To see which servers are on your unavailable list run Get-ExchangeDiagnosticInfo -Process EdgeTransport -Component SmtpOut -Argument verbose . The Get-ExchangeDiagnosticInfo cmdlet is covered further in my next blog today.
6 responses to “Hub Transport Load Balancing”
Ok if you can help me with the below scenario…(E2K10)
I have 4 AD sites with HUB servers A,B,C & D with MPLS connection between and each site are with same cost 10 in between.
Considering Site A users sends email to Site D user, for sure Site A HUB server will direct connect a remote queue with Site D HUB server and the email is delivers.
What if the site D HUB fails and again the same email flow happens between site A user to site D user….now through which route the Site A HUB server should route or will send the email to Site B/C HUB server….and why…????
Let me know if i haven’t cleared any…Thanks!
@Charles, it will never route to B or C as B and C are not on the least cost route. The least cost route is A>D. So if D is offline then email queues at A.
Can you please elaborate more on that, Thanks!
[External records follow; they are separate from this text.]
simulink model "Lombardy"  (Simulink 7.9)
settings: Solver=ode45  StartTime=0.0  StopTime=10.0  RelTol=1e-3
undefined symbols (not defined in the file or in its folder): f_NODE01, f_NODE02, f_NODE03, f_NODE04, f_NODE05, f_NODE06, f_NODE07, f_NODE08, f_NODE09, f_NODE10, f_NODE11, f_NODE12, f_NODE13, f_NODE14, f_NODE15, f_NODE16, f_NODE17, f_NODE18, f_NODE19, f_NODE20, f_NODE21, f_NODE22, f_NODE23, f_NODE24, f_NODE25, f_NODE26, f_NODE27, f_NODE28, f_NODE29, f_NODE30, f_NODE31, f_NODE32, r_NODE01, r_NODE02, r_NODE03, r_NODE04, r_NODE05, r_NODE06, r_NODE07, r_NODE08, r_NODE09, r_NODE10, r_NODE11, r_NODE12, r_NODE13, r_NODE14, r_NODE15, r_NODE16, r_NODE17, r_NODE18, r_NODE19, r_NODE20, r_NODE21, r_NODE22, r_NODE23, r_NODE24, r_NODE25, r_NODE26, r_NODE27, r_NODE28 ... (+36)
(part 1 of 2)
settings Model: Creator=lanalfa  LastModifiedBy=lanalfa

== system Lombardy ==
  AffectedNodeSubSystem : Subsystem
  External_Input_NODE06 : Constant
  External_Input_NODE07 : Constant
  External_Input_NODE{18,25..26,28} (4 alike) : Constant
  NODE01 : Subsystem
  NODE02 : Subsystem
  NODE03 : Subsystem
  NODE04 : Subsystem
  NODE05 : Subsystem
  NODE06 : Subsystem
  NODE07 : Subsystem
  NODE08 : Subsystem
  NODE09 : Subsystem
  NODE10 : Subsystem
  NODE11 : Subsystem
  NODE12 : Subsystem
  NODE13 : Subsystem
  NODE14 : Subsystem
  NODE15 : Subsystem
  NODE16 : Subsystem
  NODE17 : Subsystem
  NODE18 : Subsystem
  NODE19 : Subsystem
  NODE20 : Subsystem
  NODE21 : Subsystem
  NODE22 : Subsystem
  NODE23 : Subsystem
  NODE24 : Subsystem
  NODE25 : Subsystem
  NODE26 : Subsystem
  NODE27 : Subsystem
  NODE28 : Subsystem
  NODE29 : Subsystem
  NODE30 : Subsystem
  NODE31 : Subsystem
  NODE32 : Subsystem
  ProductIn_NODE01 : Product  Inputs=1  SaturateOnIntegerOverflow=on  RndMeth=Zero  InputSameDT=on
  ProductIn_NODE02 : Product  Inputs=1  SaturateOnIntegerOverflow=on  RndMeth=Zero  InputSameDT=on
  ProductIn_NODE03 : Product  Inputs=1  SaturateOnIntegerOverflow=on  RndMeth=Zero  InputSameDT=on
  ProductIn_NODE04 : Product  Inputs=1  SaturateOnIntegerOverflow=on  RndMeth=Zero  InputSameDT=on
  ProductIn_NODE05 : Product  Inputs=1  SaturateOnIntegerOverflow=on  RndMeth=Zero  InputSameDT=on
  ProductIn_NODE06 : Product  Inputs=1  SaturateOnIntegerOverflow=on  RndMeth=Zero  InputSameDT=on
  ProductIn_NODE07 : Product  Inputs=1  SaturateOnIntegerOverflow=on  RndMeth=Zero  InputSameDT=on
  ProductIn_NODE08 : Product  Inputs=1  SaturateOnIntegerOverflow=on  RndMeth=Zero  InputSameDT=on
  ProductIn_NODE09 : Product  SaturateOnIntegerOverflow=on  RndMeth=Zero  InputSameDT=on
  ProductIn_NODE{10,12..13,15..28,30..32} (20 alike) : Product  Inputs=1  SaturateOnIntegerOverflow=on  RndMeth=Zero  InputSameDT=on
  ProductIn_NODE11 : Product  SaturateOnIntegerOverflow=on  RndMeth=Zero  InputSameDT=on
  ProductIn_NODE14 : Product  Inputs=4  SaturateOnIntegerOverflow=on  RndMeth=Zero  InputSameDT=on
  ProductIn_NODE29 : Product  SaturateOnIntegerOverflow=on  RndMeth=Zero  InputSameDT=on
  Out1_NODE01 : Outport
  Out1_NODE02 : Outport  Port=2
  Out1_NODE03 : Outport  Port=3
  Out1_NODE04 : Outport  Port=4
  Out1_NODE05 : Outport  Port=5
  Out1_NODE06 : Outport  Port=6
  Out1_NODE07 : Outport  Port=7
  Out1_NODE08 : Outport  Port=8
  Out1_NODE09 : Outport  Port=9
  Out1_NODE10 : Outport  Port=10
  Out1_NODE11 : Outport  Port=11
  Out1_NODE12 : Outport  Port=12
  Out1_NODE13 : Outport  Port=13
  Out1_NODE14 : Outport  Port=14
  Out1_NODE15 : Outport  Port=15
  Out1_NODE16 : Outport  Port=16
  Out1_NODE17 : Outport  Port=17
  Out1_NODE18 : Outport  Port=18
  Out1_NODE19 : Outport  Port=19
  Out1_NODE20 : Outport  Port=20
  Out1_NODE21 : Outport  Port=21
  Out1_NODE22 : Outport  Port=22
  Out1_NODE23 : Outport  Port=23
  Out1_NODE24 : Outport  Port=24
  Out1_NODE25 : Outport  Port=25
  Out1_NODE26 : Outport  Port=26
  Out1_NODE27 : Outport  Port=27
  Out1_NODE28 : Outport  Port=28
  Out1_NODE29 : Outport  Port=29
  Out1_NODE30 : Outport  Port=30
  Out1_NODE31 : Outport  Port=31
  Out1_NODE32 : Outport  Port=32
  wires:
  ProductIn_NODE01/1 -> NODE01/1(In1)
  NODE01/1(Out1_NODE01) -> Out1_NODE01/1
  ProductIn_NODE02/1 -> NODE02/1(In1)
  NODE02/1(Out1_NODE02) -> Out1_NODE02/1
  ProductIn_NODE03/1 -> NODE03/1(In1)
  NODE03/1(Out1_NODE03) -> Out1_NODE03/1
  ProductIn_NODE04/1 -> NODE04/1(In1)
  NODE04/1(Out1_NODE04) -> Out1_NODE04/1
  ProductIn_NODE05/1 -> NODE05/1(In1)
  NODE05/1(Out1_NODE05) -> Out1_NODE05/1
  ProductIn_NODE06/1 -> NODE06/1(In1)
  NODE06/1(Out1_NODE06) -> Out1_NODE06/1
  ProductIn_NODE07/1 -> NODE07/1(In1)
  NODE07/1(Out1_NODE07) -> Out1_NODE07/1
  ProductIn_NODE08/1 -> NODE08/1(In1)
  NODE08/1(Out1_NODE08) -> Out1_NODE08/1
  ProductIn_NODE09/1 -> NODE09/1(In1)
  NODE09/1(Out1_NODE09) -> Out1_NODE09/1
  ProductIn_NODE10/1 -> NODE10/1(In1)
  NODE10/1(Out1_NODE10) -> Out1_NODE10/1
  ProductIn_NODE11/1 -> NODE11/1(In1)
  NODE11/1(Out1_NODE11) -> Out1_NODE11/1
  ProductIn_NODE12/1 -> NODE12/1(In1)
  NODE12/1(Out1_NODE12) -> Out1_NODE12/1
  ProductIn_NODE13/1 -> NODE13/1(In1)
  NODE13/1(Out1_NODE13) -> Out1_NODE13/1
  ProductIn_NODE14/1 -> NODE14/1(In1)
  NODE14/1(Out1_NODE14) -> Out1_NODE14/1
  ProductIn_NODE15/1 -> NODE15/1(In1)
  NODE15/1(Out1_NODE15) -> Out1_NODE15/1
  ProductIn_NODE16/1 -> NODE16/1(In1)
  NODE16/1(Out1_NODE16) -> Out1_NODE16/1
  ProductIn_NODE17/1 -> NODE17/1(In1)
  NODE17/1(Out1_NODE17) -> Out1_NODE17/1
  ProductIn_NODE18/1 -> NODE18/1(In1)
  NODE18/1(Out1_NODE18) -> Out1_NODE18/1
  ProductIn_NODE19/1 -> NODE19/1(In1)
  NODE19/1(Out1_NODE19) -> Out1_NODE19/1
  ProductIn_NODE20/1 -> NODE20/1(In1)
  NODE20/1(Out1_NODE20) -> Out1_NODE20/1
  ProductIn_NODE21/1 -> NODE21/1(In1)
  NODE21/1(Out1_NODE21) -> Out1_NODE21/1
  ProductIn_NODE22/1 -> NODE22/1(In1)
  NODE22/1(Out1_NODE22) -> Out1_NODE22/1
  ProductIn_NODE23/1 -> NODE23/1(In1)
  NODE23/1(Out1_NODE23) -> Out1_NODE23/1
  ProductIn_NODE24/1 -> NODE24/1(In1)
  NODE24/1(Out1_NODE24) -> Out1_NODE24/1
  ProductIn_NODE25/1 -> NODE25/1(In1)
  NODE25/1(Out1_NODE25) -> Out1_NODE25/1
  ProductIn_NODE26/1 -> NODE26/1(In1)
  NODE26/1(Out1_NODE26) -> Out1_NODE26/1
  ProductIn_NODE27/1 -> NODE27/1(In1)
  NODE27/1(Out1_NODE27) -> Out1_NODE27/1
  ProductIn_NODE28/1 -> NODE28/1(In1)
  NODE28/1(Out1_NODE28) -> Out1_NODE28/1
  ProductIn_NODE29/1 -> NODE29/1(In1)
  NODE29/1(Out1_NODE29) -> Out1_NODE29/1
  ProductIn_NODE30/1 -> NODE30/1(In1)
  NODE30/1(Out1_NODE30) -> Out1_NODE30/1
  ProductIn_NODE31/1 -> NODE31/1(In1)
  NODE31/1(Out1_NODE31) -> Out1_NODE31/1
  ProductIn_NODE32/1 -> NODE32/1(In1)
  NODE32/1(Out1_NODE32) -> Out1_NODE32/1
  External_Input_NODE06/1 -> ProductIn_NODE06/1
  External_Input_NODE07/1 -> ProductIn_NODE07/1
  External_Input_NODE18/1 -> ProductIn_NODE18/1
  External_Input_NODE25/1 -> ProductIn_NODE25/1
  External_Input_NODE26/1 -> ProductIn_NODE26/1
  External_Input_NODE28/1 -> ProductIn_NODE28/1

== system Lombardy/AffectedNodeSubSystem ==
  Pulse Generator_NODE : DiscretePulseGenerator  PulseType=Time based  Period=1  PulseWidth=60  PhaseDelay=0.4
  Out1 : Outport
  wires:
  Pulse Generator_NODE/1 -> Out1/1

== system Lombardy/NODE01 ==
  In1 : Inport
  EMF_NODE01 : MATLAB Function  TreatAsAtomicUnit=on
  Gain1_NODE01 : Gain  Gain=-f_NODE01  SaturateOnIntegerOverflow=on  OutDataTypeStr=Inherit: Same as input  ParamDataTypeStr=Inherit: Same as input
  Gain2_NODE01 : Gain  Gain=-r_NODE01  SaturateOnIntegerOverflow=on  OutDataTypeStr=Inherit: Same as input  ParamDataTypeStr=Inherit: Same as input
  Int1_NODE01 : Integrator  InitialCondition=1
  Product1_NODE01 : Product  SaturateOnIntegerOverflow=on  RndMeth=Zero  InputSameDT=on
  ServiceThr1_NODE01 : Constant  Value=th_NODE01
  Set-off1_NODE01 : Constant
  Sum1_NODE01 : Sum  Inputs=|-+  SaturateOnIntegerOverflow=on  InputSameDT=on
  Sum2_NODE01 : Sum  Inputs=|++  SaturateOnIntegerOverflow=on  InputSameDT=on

I had read it just few days(3) back as i was in holidays after wanting to know as below mentioned.
The remote delivery in this above scenario should be A->B since D which had fail.
* First it will look for Cost
* Second – No. of Hops
* Third – Alphanumerical connector.
So as my above mentioned scenario if site D had failed & based on the same cost and hop, it will use the 3 point and queue @Site B Hub….?
Correct me if am wrong, Thanks!
The cost of the link between A and D is 10. There is no link that is any cheaper, therefore all inter-site transport will use this link. Other links (for example A-B-D) are more expensive (20 in the case of the example).
Exchange uses least cost routing. It will always route on the least cost.
Therefore regardless of the state of the hubs in D, the route from A to D is the least cost route and in your example this is A-D. If the hubs in D are unavailable (or some other reason that means hubs in A cannot reach the hubs in D) then mail will queue at A until D is available. B and C are not on the least cost route, so mail will never go there.
Thanks very much for the explanation…got it.
So lets say if the cost between the site A-C was 5 & comparing to the cost between site A-B is 10 then would it been queued to the site C hub srv as totals 15(A-C-D) as compared to 20(A-B-D).
Can you please help me in knowing the alphanumeric method….?
#Wish you a Very Happy New Year….!
No – the cost A-D is still 10. The cost ABD and ACD are still more than this, so it will still queue on A for D to become available.